* Exercise aim: Which lines of the entries contain the word "ELLIPSE"? Please list them.

==========

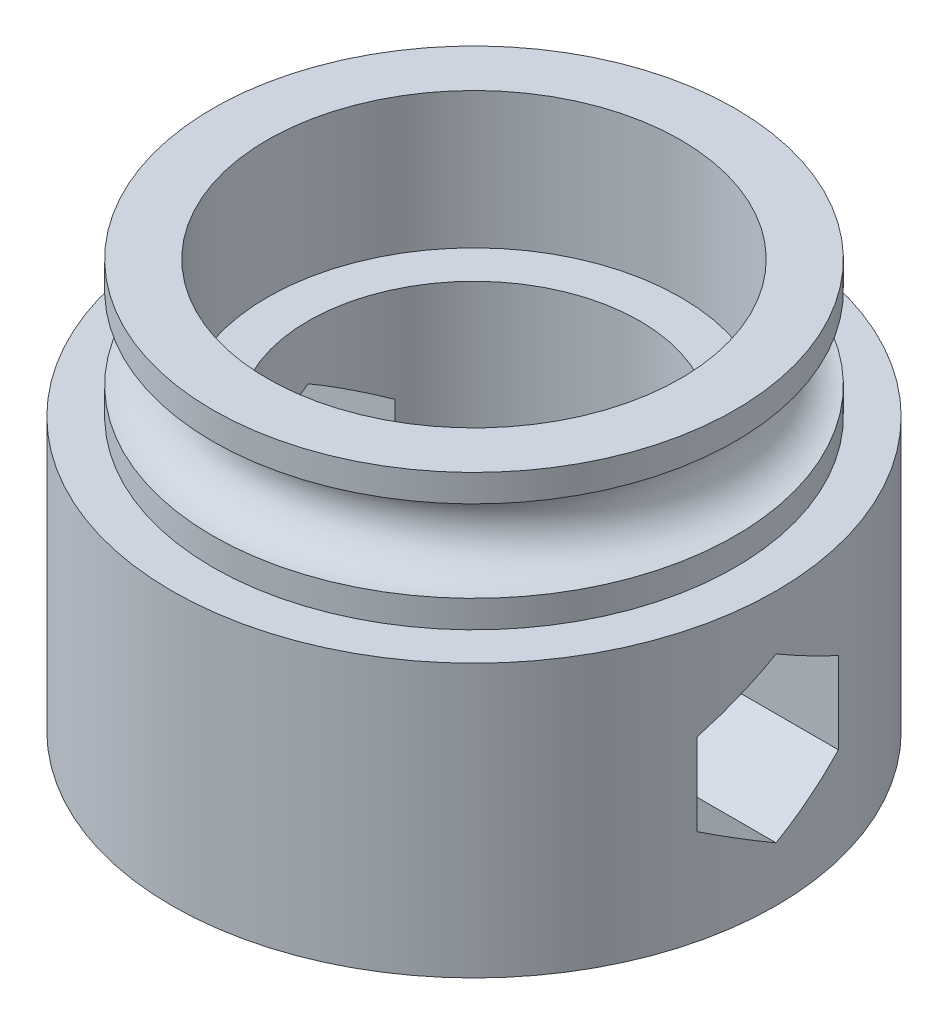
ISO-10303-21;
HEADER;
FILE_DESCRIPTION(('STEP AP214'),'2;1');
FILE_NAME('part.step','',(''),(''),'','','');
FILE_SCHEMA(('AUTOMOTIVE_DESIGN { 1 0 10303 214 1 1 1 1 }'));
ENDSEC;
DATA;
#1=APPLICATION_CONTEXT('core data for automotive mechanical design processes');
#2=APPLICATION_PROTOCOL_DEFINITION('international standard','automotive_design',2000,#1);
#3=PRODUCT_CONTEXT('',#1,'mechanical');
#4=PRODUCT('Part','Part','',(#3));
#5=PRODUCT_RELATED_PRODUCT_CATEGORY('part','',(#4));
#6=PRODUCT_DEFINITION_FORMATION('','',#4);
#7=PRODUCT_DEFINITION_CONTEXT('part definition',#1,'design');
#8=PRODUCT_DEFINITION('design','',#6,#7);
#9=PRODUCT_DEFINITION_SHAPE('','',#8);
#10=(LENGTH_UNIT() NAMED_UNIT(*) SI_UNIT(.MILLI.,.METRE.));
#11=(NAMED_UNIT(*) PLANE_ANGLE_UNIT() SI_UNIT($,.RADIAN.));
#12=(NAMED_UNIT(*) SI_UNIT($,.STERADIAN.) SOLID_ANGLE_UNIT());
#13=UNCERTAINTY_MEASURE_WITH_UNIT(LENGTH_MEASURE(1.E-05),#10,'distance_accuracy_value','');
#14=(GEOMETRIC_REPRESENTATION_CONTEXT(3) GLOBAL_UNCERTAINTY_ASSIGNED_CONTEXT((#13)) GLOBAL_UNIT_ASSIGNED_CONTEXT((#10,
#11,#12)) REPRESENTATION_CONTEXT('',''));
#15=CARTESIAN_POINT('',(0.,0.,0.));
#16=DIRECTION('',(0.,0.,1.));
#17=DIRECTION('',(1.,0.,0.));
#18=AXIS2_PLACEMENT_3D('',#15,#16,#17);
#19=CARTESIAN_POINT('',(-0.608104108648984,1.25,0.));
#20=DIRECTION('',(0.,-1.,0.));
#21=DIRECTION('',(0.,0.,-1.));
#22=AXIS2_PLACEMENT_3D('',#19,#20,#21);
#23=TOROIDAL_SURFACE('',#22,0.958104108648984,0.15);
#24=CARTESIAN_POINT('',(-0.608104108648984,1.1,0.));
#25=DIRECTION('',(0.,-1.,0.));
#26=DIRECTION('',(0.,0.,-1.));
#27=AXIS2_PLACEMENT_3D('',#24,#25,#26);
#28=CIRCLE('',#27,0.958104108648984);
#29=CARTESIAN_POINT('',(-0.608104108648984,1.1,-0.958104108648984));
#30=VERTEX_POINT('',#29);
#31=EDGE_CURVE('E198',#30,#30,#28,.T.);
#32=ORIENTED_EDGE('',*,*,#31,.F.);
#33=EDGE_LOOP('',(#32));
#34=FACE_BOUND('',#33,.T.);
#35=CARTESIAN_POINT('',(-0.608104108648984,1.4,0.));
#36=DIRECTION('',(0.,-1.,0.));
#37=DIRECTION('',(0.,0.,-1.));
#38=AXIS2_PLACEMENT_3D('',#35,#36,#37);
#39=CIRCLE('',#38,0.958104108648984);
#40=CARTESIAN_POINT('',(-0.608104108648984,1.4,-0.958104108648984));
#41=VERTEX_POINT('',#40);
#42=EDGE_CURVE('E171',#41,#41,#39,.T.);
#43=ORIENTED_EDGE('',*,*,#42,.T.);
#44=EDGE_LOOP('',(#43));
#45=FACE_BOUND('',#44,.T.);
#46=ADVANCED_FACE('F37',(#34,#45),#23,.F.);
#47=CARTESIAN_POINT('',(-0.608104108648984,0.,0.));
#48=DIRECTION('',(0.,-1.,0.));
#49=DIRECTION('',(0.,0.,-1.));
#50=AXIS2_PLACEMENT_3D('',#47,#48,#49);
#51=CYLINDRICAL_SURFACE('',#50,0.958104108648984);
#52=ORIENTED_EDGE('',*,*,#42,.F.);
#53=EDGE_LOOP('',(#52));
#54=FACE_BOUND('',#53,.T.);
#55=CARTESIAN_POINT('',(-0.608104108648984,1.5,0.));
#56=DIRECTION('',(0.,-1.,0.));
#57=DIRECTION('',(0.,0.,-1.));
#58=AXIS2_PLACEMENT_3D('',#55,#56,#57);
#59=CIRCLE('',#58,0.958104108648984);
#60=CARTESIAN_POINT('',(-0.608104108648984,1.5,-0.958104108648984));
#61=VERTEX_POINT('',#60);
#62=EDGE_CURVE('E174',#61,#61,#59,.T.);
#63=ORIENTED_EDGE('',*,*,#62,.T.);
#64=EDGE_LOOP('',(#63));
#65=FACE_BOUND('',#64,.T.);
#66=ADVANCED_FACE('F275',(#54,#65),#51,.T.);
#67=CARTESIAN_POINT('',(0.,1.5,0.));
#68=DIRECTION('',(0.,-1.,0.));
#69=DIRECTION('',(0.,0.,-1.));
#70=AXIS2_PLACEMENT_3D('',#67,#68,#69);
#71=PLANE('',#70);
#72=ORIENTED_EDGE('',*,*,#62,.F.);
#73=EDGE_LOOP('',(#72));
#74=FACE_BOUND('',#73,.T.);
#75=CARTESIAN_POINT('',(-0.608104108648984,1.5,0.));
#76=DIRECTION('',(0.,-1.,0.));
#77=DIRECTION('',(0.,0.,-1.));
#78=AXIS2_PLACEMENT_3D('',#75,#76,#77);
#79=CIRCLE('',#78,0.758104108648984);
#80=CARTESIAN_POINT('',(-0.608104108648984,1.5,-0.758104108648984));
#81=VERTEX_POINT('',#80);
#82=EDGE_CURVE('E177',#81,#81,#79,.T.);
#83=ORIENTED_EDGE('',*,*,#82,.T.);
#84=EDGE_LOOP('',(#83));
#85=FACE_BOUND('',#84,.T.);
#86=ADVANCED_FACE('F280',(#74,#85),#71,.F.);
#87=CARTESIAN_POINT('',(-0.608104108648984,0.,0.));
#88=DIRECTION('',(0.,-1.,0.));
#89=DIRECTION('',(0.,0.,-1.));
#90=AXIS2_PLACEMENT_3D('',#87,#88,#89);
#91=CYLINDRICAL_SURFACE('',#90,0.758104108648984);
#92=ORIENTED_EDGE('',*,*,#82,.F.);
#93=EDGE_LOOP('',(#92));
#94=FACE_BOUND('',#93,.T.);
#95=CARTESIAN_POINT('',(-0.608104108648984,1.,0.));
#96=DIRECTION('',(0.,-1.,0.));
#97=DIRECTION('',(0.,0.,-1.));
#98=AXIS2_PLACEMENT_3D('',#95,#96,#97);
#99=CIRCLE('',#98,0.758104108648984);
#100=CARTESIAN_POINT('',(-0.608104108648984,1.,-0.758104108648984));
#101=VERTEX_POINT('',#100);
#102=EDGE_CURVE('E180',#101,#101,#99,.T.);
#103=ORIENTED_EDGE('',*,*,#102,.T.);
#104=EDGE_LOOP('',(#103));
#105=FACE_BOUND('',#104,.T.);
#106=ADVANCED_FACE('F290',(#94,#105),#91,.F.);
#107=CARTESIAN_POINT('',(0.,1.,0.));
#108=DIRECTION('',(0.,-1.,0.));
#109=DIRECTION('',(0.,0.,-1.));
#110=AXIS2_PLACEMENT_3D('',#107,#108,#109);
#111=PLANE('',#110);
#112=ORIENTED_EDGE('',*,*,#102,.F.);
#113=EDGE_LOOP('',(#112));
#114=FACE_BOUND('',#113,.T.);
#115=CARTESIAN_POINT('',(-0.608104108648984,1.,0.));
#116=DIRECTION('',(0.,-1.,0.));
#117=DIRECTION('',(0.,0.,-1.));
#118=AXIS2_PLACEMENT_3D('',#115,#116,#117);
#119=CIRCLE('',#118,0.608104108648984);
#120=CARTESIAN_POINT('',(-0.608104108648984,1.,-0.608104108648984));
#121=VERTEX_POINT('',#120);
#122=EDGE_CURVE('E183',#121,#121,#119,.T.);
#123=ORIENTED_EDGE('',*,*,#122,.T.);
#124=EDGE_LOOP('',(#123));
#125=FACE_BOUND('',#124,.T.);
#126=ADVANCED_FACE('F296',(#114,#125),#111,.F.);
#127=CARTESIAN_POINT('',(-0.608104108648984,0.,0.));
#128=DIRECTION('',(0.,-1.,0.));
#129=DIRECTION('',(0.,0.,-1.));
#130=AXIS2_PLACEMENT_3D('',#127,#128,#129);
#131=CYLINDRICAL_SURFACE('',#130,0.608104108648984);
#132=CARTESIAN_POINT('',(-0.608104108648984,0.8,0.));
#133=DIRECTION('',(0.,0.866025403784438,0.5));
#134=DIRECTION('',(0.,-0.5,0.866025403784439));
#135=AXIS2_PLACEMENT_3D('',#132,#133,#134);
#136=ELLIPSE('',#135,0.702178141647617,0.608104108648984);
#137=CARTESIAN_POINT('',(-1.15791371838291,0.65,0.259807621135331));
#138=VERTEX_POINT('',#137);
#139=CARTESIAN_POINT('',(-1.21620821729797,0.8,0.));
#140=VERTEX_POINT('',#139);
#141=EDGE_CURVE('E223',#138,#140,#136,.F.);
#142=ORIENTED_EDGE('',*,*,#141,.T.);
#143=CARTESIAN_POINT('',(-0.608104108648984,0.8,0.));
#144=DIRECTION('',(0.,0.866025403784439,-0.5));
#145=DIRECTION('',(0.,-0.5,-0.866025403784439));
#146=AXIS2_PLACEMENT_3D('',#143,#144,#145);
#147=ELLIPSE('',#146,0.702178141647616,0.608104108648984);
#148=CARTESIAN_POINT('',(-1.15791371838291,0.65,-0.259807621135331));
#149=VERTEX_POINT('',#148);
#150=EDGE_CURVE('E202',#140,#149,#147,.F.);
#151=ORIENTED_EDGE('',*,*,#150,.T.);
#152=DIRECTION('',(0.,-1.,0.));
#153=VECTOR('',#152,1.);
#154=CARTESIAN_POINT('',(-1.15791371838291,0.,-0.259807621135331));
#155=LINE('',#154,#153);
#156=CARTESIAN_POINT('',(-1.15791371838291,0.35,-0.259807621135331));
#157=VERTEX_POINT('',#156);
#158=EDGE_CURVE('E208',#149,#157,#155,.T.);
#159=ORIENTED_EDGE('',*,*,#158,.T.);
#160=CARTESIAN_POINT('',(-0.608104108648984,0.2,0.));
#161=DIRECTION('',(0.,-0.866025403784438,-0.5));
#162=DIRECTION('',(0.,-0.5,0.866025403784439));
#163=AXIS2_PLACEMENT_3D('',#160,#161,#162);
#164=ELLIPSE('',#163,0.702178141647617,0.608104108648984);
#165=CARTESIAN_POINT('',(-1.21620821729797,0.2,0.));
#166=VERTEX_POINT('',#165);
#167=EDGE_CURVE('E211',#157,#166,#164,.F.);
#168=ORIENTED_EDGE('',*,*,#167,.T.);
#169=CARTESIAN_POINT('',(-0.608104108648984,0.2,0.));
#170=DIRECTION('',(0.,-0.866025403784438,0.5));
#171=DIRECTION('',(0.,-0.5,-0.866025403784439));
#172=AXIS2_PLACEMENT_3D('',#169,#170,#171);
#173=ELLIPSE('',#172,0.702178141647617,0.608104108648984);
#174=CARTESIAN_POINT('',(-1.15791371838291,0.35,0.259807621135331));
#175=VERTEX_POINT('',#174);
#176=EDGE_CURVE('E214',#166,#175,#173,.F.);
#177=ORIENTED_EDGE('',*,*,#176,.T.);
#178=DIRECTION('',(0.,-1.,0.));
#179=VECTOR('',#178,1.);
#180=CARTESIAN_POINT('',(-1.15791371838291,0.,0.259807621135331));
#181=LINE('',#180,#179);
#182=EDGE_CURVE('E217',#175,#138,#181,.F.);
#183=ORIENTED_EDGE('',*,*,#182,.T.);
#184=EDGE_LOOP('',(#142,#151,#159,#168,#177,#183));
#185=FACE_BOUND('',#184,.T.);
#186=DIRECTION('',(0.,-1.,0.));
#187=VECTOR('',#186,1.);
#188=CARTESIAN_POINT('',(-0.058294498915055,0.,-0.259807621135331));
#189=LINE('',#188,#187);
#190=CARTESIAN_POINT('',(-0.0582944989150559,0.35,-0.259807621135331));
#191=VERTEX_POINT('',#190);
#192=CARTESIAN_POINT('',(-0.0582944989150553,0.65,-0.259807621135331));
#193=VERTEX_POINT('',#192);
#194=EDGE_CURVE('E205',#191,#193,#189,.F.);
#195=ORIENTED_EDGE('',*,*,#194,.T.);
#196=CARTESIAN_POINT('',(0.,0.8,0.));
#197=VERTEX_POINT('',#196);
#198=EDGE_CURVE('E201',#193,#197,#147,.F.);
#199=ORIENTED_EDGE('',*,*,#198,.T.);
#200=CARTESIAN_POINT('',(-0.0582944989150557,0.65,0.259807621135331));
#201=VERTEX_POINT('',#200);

==========

* Expected answer:
#136=ELLIPSE('',#135,0.702178141647617,0.608104108648984);
#147=ELLIPSE('',#146,0.702178141647616,0.608104108648984);
#164=ELLIPSE('',#163,0.702178141647617,0.608104108648984);
#173=ELLIPSE('',#172,0.702178141647617,0.608104108648984);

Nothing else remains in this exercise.